In Bezug auf die Finanzierung der Mehraufwendungen ist der Landkreis Cochem-Zell gemeinsam mit anderen Landkreisen und dem Landkreistag mit dem Land Rheinland-Pfalz in Gesprächen. Hier besteht noch Klärungsbedarf.

Interessant sind u. a. in diesem Zusammenhang die Ausführungen von Frau Landrätin Beilstein: „Wir haben durch den Verkehrsverbund Rhein-Mosel (VRM) berechnen lassen, wie sich die Kostensituation bei einer reinen Vergabe von Fahrleistungen für die Schüler- und Kitabeförderung der betreffenden Linienbündel im Landkreis darstellen würde. Mit Nettoaufwendungen von 24,951 Mio. € wäre das rund 300.000 € teurer gewesen als das Gesamtpaket „Schülerbeförderung plus ÖPNV-Angebot nach dem ÖPNV-Konzept RLP Nord“ .

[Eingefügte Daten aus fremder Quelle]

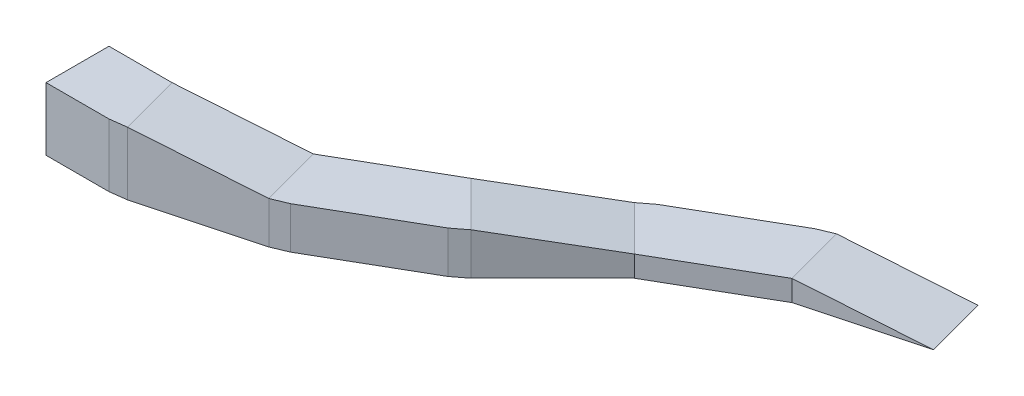
ISO-10303-21;
HEADER;
FILE_DESCRIPTION(('STEP AP214'),'2;1');
FILE_NAME('part.step','',(''),(''),'','','');
FILE_SCHEMA(('AUTOMOTIVE_DESIGN { 1 0 10303 214 1 1 1 1 }'));
ENDSEC;
DATA;
#1=APPLICATION_CONTEXT('core data for automotive mechanical design processes');
#2=APPLICATION_PROTOCOL_DEFINITION('international standard','automotive_design',2000,#1);
#3=PRODUCT_CONTEXT('',#1,'mechanical');
#4=PRODUCT('Part','Part','',(#3));
#5=PRODUCT_RELATED_PRODUCT_CATEGORY('part','',(#4));
#6=PRODUCT_DEFINITION_FORMATION('','',#4);
#7=PRODUCT_DEFINITION_CONTEXT('part definition',#1,'design');
#8=PRODUCT_DEFINITION('design','',#6,#7);
#9=PRODUCT_DEFINITION_SHAPE('','',#8);
#10=(LENGTH_UNIT() NAMED_UNIT(*) SI_UNIT(.MILLI.,.METRE.));
#11=(NAMED_UNIT(*) PLANE_ANGLE_UNIT() SI_UNIT($,.RADIAN.));
#12=(NAMED_UNIT(*) SI_UNIT($,.STERADIAN.) SOLID_ANGLE_UNIT());
#13=UNCERTAINTY_MEASURE_WITH_UNIT(LENGTH_MEASURE(1.E-05),#10,'distance_accuracy_value','');
#14=(GEOMETRIC_REPRESENTATION_CONTEXT(3) GLOBAL_UNCERTAINTY_ASSIGNED_CONTEXT((#13)) GLOBAL_UNIT_ASSIGNED_CONTEXT((#10,
#11,#12)) REPRESENTATION_CONTEXT('',''));
#15=CARTESIAN_POINT('',(0.,0.,0.));
#16=DIRECTION('',(0.,0.,1.));
#17=DIRECTION('',(1.,0.,0.));
#18=AXIS2_PLACEMENT_3D('',#15,#16,#17);
#19=CARTESIAN_POINT('',(-2062.51840891798,-600.,284.700949612766));
#20=DIRECTION('',(0.499999999999995,0.,0.866025403784441));
#21=DIRECTION('',(0.866025403784441,0.,-0.499999999999995));
#22=AXIS2_PLACEMENT_3D('',#19,#20,#21);
#23=PLANE('',#22);
#24=DIRECTION('',(0.,1.,0.));
#25=VECTOR('',#24,1.);
#26=CARTESIAN_POINT('',(-2062.51840891798,-600.,284.700949612766));
#27=LINE('',#26,#25);
#28=CARTESIAN_POINT('',(-2062.51840891798,-600.,284.700949612766));
#29=VERTEX_POINT('',#28);
#30=CARTESIAN_POINT('',(-2062.51840891798,-400.,284.700949612766));
#31=VERTEX_POINT('',#30);
#32=EDGE_CURVE('E43',#29,#31,#27,.T.);
#33=ORIENTED_EDGE('',*,*,#32,.T.);
#34=DIRECTION('',(0.866025403784442,0.,-0.499999999999995));
#35=VECTOR('',#34,1.);
#36=CARTESIAN_POINT('',(-2062.51840891798,-400.,284.700949612766));
#37=LINE('',#36,#35);
#38=CARTESIAN_POINT('',(-3015.14635308086,-400.,834.700949612761));
#39=VERTEX_POINT('',#38);
#40=EDGE_CURVE('E336',#39,#31,#37,.T.);
#41=ORIENTED_EDGE('',*,*,#40,.F.);
#42=DIRECTION('',(0.,1.,0.));
#43=VECTOR('',#42,1.);
#44=CARTESIAN_POINT('',(-3015.14635308086,-600.,834.700949612761));
#45=LINE('',#44,#43);
#46=CARTESIAN_POINT('',(-3015.14635308086,-600.,834.700949612761));
#47=VERTEX_POINT('',#46);
#48=EDGE_CURVE('E134',#47,#39,#45,.T.);
#49=ORIENTED_EDGE('',*,*,#48,.F.);
#50=DIRECTION('',(0.866025403784442,0.,-0.499999999999995));
#51=VECTOR('',#50,1.);
#52=CARTESIAN_POINT('',(-2062.51840891798,-600.,284.700949612766));
#53=LINE('',#52,#51);
#54=EDGE_CURVE('E146',#47,#29,#53,.T.);
#55=ORIENTED_EDGE('',*,*,#54,.T.);
#56=EDGE_LOOP('',(#33,#41,#49,#55));
#57=FACE_BOUND('',#56,.T.);
#58=ADVANCED_FACE('F35',(#57),#23,.T.);
#59=CARTESIAN_POINT('',(-3315.1463530809,-600.,315.085707342127));
#60=DIRECTION('',(-0.608761429008751,0.,-0.793353340291212));
#61=DIRECTION('',(-0.793353340291212,0.,0.608761429008751));
#62=AXIS2_PLACEMENT_3D('',#59,#60,#61);
#63=PLANE('',#62);
#64=DIRECTION('',(0.,1.,0.));
#65=VECTOR('',#64,1.);
#66=CARTESIAN_POINT('',(-3439.41042179279,-600.,410.436880900838));
#67=LINE('',#66,#65);
#68=CARTESIAN_POINT('',(-3439.41042179279,-600.,410.436880900838));
#69=VERTEX_POINT('',#68);
#70=CARTESIAN_POINT('',(-3439.41042179279,-400.,410.436880900831));
#71=VERTEX_POINT('',#70);
#72=EDGE_CURVE('E191',#69,#71,#67,.T.);
#73=ORIENTED_EDGE('',*,*,#72,.T.);
#74=DIRECTION('',(-0.793353340291212,0.,0.608761429008751));
#75=VECTOR('',#74,1.);
#76=CARTESIAN_POINT('',(-3439.41042179279,-400.,410.436880900838));
#77=LINE('',#76,#75);
#78=CARTESIAN_POINT('',(-3315.1463530809,-400.,315.085707342127));
#79=VERTEX_POINT('',#78);
#80=EDGE_CURVE('E330',#79,#71,#77,.T.);
#81=ORIENTED_EDGE('',*,*,#80,.F.);
#82=DIRECTION('',(0.,1.,0.));
#83=VECTOR('',#82,1.);
#84=CARTESIAN_POINT('',(-3315.1463530809,-600.,315.085707342127));
#85=LINE('',#84,#83);
#86=CARTESIAN_POINT('',(-3315.1463530809,-600.,315.085707342127));
#87=VERTEX_POINT('',#86);
#88=EDGE_CURVE('E194',#87,#79,#85,.T.);
#89=ORIENTED_EDGE('',*,*,#88,.F.);
#90=DIRECTION('',(-0.793353340291212,0.,0.608761429008751));
#91=VECTOR('',#90,1.);
#92=CARTESIAN_POINT('',(-3315.1463530809,-600.,315.085707342127));
#93=LINE('',#92,#91);
#94=EDGE_CURVE('E224',#87,#69,#93,.T.);
#95=ORIENTED_EDGE('',*,*,#94,.T.);
#96=EDGE_LOOP('',(#73,#81,#89,#95));
#97=FACE_BOUND('',#96,.T.);
#98=ADVANCED_FACE('F378',(#97),#63,.T.);
#99=CARTESIAN_POINT('',(-2362.51840891798,-600.,-234.914292657897));
#100=DIRECTION('',(-0.5,0.,-0.866025403784438));
#101=DIRECTION('',(-0.866025403784439,0.,0.5));
#102=AXIS2_PLACEMENT_3D('',#99,#100,#101);
#103=PLANE('',#102);
#104=ORIENTED_EDGE('',*,*,#88,.T.);
#105=DIRECTION('',(-0.866025403784438,0.,0.5));
#106=VECTOR('',#105,1.);
#107=CARTESIAN_POINT('',(-3315.1463530809,-400.,315.085707342127));
#108=LINE('',#107,#106);
#109=CARTESIAN_POINT('',(-2362.51840891798,-400.,-234.914292657897));
#110=VERTEX_POINT('',#109);
#111=EDGE_CURVE('E327',#110,#79,#108,.T.);
#112=ORIENTED_EDGE('',*,*,#111,.F.);
#113=DIRECTION('',(0.,1.,0.));
#114=VECTOR('',#113,1.);
#115=CARTESIAN_POINT('',(-2362.51840891798,-600.,-234.914292657897));
#116=LINE('',#115,#114);
#117=CARTESIAN_POINT('',(-2362.51840891798,-600.,-234.914292657897));
#118=VERTEX_POINT('',#117);
#119=EDGE_CURVE('E197',#118,#110,#116,.T.);
#120=ORIENTED_EDGE('',*,*,#119,.F.);
#121=DIRECTION('',(-0.866025403784438,0.,0.5));
#122=VECTOR('',#121,1.);
#123=CARTESIAN_POINT('',(-2362.51840891798,-600.,-234.914292657897));
#124=LINE('',#123,#122);
#125=EDGE_CURVE('E222',#118,#87,#124,.T.);
#126=ORIENTED_EDGE('',*,*,#125,.T.);
#127=EDGE_LOOP('',(#104,#112,#120,#126));
#128=FACE_BOUND('',#127,.T.);
#129=ADVANCED_FACE('F383',(#128),#103,.T.);
#130=CARTESIAN_POINT('',(-2217.80983597949,-600.,-294.854546160674));
#131=DIRECTION('',(-0.382683432365093,0.,-0.923879532511286));
#132=DIRECTION('',(-0.923879532511286,0.,0.382683432365093));
#133=AXIS2_PLACEMENT_3D('',#130,#131,#132);
#134=PLANE('',#133);
#135=ORIENTED_EDGE('',*,*,#119,.T.);
#136=DIRECTION('',(-0.923879532511287,0.,0.382683432365088));
#137=VECTOR('',#136,1.);
#138=CARTESIAN_POINT('',(-2362.51840891798,-400.,-234.914292657897));
#139=LINE('',#138,#137);
#140=CARTESIAN_POINT('',(-2217.80983597949,-400.,-294.854546160676));
#141=VERTEX_POINT('',#140);
#142=EDGE_CURVE('E218',#141,#110,#139,.T.);
#143=ORIENTED_EDGE('',*,*,#142,.F.);
#144=DIRECTION('',(0.,1.,0.));
#145=VECTOR('',#144,1.);
#146=CARTESIAN_POINT('',(-2217.80983597949,-600.,-294.854546160674));
#147=LINE('',#146,#145);
#148=CARTESIAN_POINT('',(-2217.80983597949,-600.,-294.854546160674));
#149=VERTEX_POINT('',#148);
#150=EDGE_CURVE('E159',#149,#141,#147,.T.);
#151=ORIENTED_EDGE('',*,*,#150,.F.);
#152=DIRECTION('',(-0.923879532511286,0.,0.382683432365093));
#153=VECTOR('',#152,1.);
#154=CARTESIAN_POINT('',(-2217.80983597949,-600.,-294.854546160674));
#155=LINE('',#154,#153);
#156=EDGE_CURVE('E216',#149,#118,#155,.T.);
#157=ORIENTED_EDGE('',*,*,#156,.T.);
#158=EDGE_LOOP('',(#135,#143,#151,#157));
#159=FACE_BOUND('',#158,.T.);
#160=ADVANCED_FACE('F215',(#159),#134,.T.);
#161=CARTESIAN_POINT('',(-1000.,-600.,1.22464679914735E-13));
#162=DIRECTION('',(0.258819045102515,0.,0.96592582628907));
#163=DIRECTION('',(0.96592582628907,0.,-0.258819045102515));
#164=AXIS2_PLACEMENT_3D('',#161,#162,#163);
#165=PLANE('',#164);
#166=DIRECTION('',(0.950345355874206,-0.178885438199983,-0.254644270637155));
#167=VECTOR('',#166,1.);
#168=CARTESIAN_POINT('',(-2062.51840891798,-400.,284.700949612766));
#169=LINE('',#168,#167);
#170=CARTESIAN_POINT('',(-1000.,-600.,1.22464679914735E-13));
#171=VERTEX_POINT('',#170);
#172=EDGE_CURVE('E81',#31,#171,#169,.T.);
#173=ORIENTED_EDGE('',*,*,#172,.F.);
#174=ORIENTED_EDGE('',*,*,#32,.F.);
#175=DIRECTION('',(0.96592582628907,0.,-0.258819045102515));
#176=VECTOR('',#175,1.);
#177=CARTESIAN_POINT('',(-1000.,-600.,1.22464679914735E-13));
#178=LINE('',#177,#176);
#179=EDGE_CURVE('E157',#29,#171,#178,.T.);
#180=ORIENTED_EDGE('',*,*,#179,.T.);
#181=EDGE_LOOP('',(#173,#174,#180));
#182=FACE_BOUND('',#181,.T.);
#183=ADVANCED_FACE('F342',(#182),#165,.T.);
#184=CARTESIAN_POINT('',(-3015.14635308086,-600.,834.700949612761));
#185=DIRECTION('',(0.707106781186548,0.,0.707106781186548));
#186=DIRECTION('',(0.707106781186548,0.,-0.707106781186548));
#187=AXIS2_PLACEMENT_3D('',#184,#185,#186);
#188=PLANE('',#187);
#189=DIRECTION('',(0.695701085237043,-0.178885438199983,-0.695701085237044));
#190=VECTOR('',#189,1.);
#191=CARTESIAN_POINT('',(-3792.96381238607,-200.,1612.51840891796));
#192=LINE('',#191,#190);
#193=CARTESIAN_POINT('',(-3792.96381238607,-200.,1612.51840891796));
#194=VERTEX_POINT('',#193);
#195=EDGE_CURVE('E130',#194,#39,#192,.T.);
#196=ORIENTED_EDGE('',*,*,#195,.F.);
#197=DIRECTION('',(0.,1.,0.));
#198=VECTOR('',#197,1.);
#199=CARTESIAN_POINT('',(-3792.96381238607,-600.,1612.51840891796));
#200=LINE('',#199,#198);
#201=CARTESIAN_POINT('',(-3792.96381238607,-600.,1612.51840891796));
#202=VERTEX_POINT('',#201);
#203=EDGE_CURVE('E123',#202,#194,#200,.T.);
#204=ORIENTED_EDGE('',*,*,#203,.F.);
#205=DIRECTION('',(0.707106781186547,0.,-0.707106781186547));
#206=VECTOR('',#205,1.);
#207=CARTESIAN_POINT('',(-3015.14635308086,-600.,834.700949612761));
#208=LINE('',#207,#206);
#209=EDGE_CURVE('E127',#202,#47,#208,.T.);
#210=ORIENTED_EDGE('',*,*,#209,.T.);
#211=ORIENTED_EDGE('',*,*,#48,.T.);
#212=EDGE_LOOP('',(#196,#204,#210,#211));
#213=FACE_BOUND('',#212,.T.);
#214=ADVANCED_FACE('F125',(#213),#188,.T.);
#215=CARTESIAN_POINT('',(-3917.22788109796,-600.,1707.86958247668));
#216=DIRECTION('',(0.60876142900875,0.,0.793353340291213));
#217=DIRECTION('',(0.793353340291213,0.,-0.60876142900875));
#218=AXIS2_PLACEMENT_3D('',#215,#216,#217);
#219=PLANE('',#218);
#220=DIRECTION('',(0.793353340291213,0.,-0.60876142900875));
#221=VECTOR('',#220,1.);
#222=CARTESIAN_POINT('',(-3792.96381238607,-200.,1612.51840891796));
#223=LINE('',#222,#221);
#224=CARTESIAN_POINT('',(-3917.22788109796,-200.,1707.86958247668));
#225=VERTEX_POINT('',#224);
#226=EDGE_CURVE('E316',#225,#194,#223,.T.);
#227=ORIENTED_EDGE('',*,*,#226,.F.);
#228=DIRECTION('',(0.,1.,0.));
#229=VECTOR('',#228,1.);
#230=CARTESIAN_POINT('',(-3917.22788109796,-600.,1707.86958247668));
#231=LINE('',#230,#229);
#232=CARTESIAN_POINT('',(-3917.22788109796,-600.,1707.86958247668));
#233=VERTEX_POINT('',#232);
#234=EDGE_CURVE('E135',#233,#225,#231,.T.);
#235=ORIENTED_EDGE('',*,*,#234,.F.);
#236=DIRECTION('',(0.793353340291213,0.,-0.60876142900875));
#237=VECTOR('',#236,1.);
#238=CARTESIAN_POINT('',(-3917.22788109796,-600.,1707.86958247668));
#239=LINE('',#238,#237);
#240=EDGE_CURVE('E143',#233,#202,#239,.T.);
#241=ORIENTED_EDGE('',*,*,#240,.T.);
#242=ORIENTED_EDGE('',*,*,#203,.T.);
#243=EDGE_LOOP('',(#227,#235,#241,#242));
#244=FACE_BOUND('',#243,.T.);
#245=ADVANCED_FACE('F148',(#244),#219,.T.);
#246=CARTESIAN_POINT('',(-4869.85582526088,-600.,2257.8695824767));
#247=DIRECTION('',(0.5,0.,0.866025403784439));
#248=DIRECTION('',(0.866025403784439,0.,-0.5));
#249=AXIS2_PLACEMENT_3D('',#246,#247,#248);
#250=PLANE('',#249);
#251=DIRECTION('',(0.866025403784439,0.,-0.5));
#252=VECTOR('',#251,1.);
#253=CARTESIAN_POINT('',(-3917.22788109796,-200.,1707.86958247668));
#254=LINE('',#253,#252);
#255=CARTESIAN_POINT('',(-4869.85582526088,-200.,2257.8695824767));
#256=VERTEX_POINT('',#255);
#257=EDGE_CURVE('E313',#256,#225,#254,.T.);
#258=ORIENTED_EDGE('',*,*,#257,.F.);
#259=DIRECTION('',(0.,1.,0.));
#260=VECTOR('',#259,1.);
#261=CARTESIAN_POINT('',(-4869.85582526088,-600.,2257.8695824767));
#262=LINE('',#261,#260);
#263=CARTESIAN_POINT('',(-4869.85582526088,-600.,2257.8695824767));
#264=VERTEX_POINT('',#263);
#265=EDGE_CURVE('E171',#264,#256,#262,.T.);
#266=ORIENTED_EDGE('',*,*,#265,.F.);
#267=DIRECTION('',(0.866025403784439,0.,-0.5));
#268=VECTOR('',#267,1.);
#269=CARTESIAN_POINT('',(-4869.85582526088,-600.,2257.8695824767));
#270=LINE('',#269,#268);
#271=EDGE_CURVE('E150',#264,#233,#270,.T.);
#272=ORIENTED_EDGE('',*,*,#271,.T.);
#273=ORIENTED_EDGE('',*,*,#234,.T.);
#274=EDGE_LOOP('',(#258,#266,#272,#273));
#275=FACE_BOUND('',#274,.T.);
#276=ADVANCED_FACE('F393',(#275),#250,.T.);
#277=CARTESIAN_POINT('',(-5014.56439819936,-600.,2317.80983597948));
#278=DIRECTION('',(0.38268343236509,0.,0.923879532511286));
#279=DIRECTION('',(0.923879532511287,0.,-0.382683432365091));
#280=AXIS2_PLACEMENT_3D('',#277,#278,#279);
#281=PLANE('',#280);
#282=DIRECTION('',(0.923879532511286,0.,-0.38268343236509));
#283=VECTOR('',#282,1.);
#284=CARTESIAN_POINT('',(-4869.85582526088,-200.,2257.8695824767));
#285=LINE('',#284,#283);
#286=CARTESIAN_POINT('',(-5014.56439819936,-200.,2317.80983597948));
#287=VERTEX_POINT('',#286);
#288=EDGE_CURVE('E310',#287,#256,#285,.T.);
#289=ORIENTED_EDGE('',*,*,#288,.F.);
#290=DIRECTION('',(0.,1.,0.));
#291=VECTOR('',#290,1.);
#292=CARTESIAN_POINT('',(-5014.56439819936,-600.,2317.80983597948));
#293=LINE('',#292,#291);
#294=CARTESIAN_POINT('',(-5014.56439819936,-600.,2317.80983597948));
#295=VERTEX_POINT('',#294);
#296=EDGE_CURVE('E174',#295,#287,#293,.T.);
#297=ORIENTED_EDGE('',*,*,#296,.F.);
#298=DIRECTION('',(0.923879532511286,0.,-0.38268343236509));
#299=VECTOR('',#298,1.);
#300=CARTESIAN_POINT('',(-5014.56439819936,-600.,2317.80983597948));
#301=LINE('',#300,#299);
#302=EDGE_CURVE('E152',#295,#264,#301,.T.);
#303=ORIENTED_EDGE('',*,*,#302,.T.);
#304=ORIENTED_EDGE('',*,*,#265,.T.);
#305=EDGE_LOOP('',(#289,#297,#303,#304));
#306=FACE_BOUND('',#305,.T.);
#307=ADVANCED_FACE('F254',(#306),#281,.T.);
#308=CARTESIAN_POINT('',(-6077.08280711734,-600.,2602.51078559224));
#309=DIRECTION('',(0.258819045102514,0.,0.96592582628907));
#310=DIRECTION('',(0.96592582628907,0.,-0.258819045102514));
#311=AXIS2_PLACEMENT_3D('',#308,#309,#310);
#312=PLANE('',#311);
#313=DIRECTION('',(0.950345355874206,-0.178885438199984,-0.254644270637155));
#314=VECTOR('',#313,1.);
#315=CARTESIAN_POINT('',(-5014.56439819936,-200.,2317.80983597948));
#316=LINE('',#315,#314);
#317=CARTESIAN_POINT('',(-6077.08280711734,0.,2602.51078559224));
#318=VERTEX_POINT('',#317);
#319=EDGE_CURVE('E264',#318,#287,#316,.T.);
#320=ORIENTED_EDGE('',*,*,#319,.F.);
#321=DIRECTION('',(0.,1.,0.));
#322=VECTOR('',#321,1.);
#323=CARTESIAN_POINT('',(-6077.08280711734,-600.,2602.51078559224));
#324=LINE('',#323,#322);
#325=CARTESIAN_POINT('',(-6077.08280711734,-600.,2602.51078559224));
#326=VERTEX_POINT('',#325);
#327=EDGE_CURVE('E177',#326,#318,#324,.T.);
#328=ORIENTED_EDGE('',*,*,#327,.F.);
#329=DIRECTION('',(0.96592582628907,0.,-0.258819045102514));
#330=VECTOR('',#329,1.);
#331=CARTESIAN_POINT('',(-6077.08280711734,-600.,2602.51078559224));
#332=LINE('',#331,#330);
#333=EDGE_CURVE('E248',#326,#295,#332,.T.);
#334=ORIENTED_EDGE('',*,*,#333,.T.);
#335=ORIENTED_EDGE('',*,*,#296,.T.);
#336=EDGE_LOOP('',(#320,#328,#334,#335));
#337=FACE_BOUND('',#336,.T.);
#338=ADVANCED_FACE('F260',(#337),#312,.T.);
#339=CARTESIAN_POINT('',(-6232.37423417885,-600.,2622.9552898188));
#340=DIRECTION('',(0.130526192220058,0.,0.99144486137381));
#341=DIRECTION('',(0.99144486137381,0.,-0.130526192220058));
#342=AXIS2_PLACEMENT_3D('',#339,#340,#341);
#343=PLANE('',#342);
#344=DIRECTION('',(0.99144486137381,0.,-0.130526192220058));
#345=VECTOR('',#344,1.);
#346=CARTESIAN_POINT('',(-6232.37423417885,0.,2622.9552898188));
#347=LINE('',#346,#345);
#348=CARTESIAN_POINT('',(-6232.37423417885,0.,2622.9552898188));
#349=VERTEX_POINT('',#348);
#350=EDGE_CURVE('E165',#349,#318,#347,.T.);
#351=ORIENTED_EDGE('',*,*,#350,.F.);
#352=DIRECTION('',(0.,1.,0.));
#353=VECTOR('',#352,1.);
#354=CARTESIAN_POINT('',(-6232.37423417885,-600.,2622.9552898188));
#355=LINE('',#354,#353);
#356=CARTESIAN_POINT('',(-6232.37423417885,-600.,2622.9552898188));
#357=VERTEX_POINT('',#356);
#358=EDGE_CURVE('E180',#357,#349,#355,.T.);
#359=ORIENTED_EDGE('',*,*,#358,.F.);
#360=DIRECTION('',(0.99144486137381,0.,-0.130526192220058));
#361=VECTOR('',#360,1.);
#362=CARTESIAN_POINT('',(-6232.37423417885,-600.,2622.9552898188));
#363=LINE('',#362,#361);
#364=EDGE_CURVE('E245',#357,#326,#363,.T.);
#365=ORIENTED_EDGE('',*,*,#364,.T.);
#366=ORIENTED_EDGE('',*,*,#327,.T.);
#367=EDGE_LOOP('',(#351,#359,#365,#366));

Geben Sie dem neuen, ausgeweiteten Angebot des ÖPNV eine Chance - nutzen Sie die Angebote des ÖPNV!

Und noch eine Bitte: Wenn Sie ein Deutschland-Ticket erwerben, dann über die Kreisverwaltung Cochem-Zell - Tel. 115.

 

Allen Bürgerinnen und Bürgern, Gästen und Besuchern unserer Stadt wünsche ich ein gesegnetes und frohes Osterfest.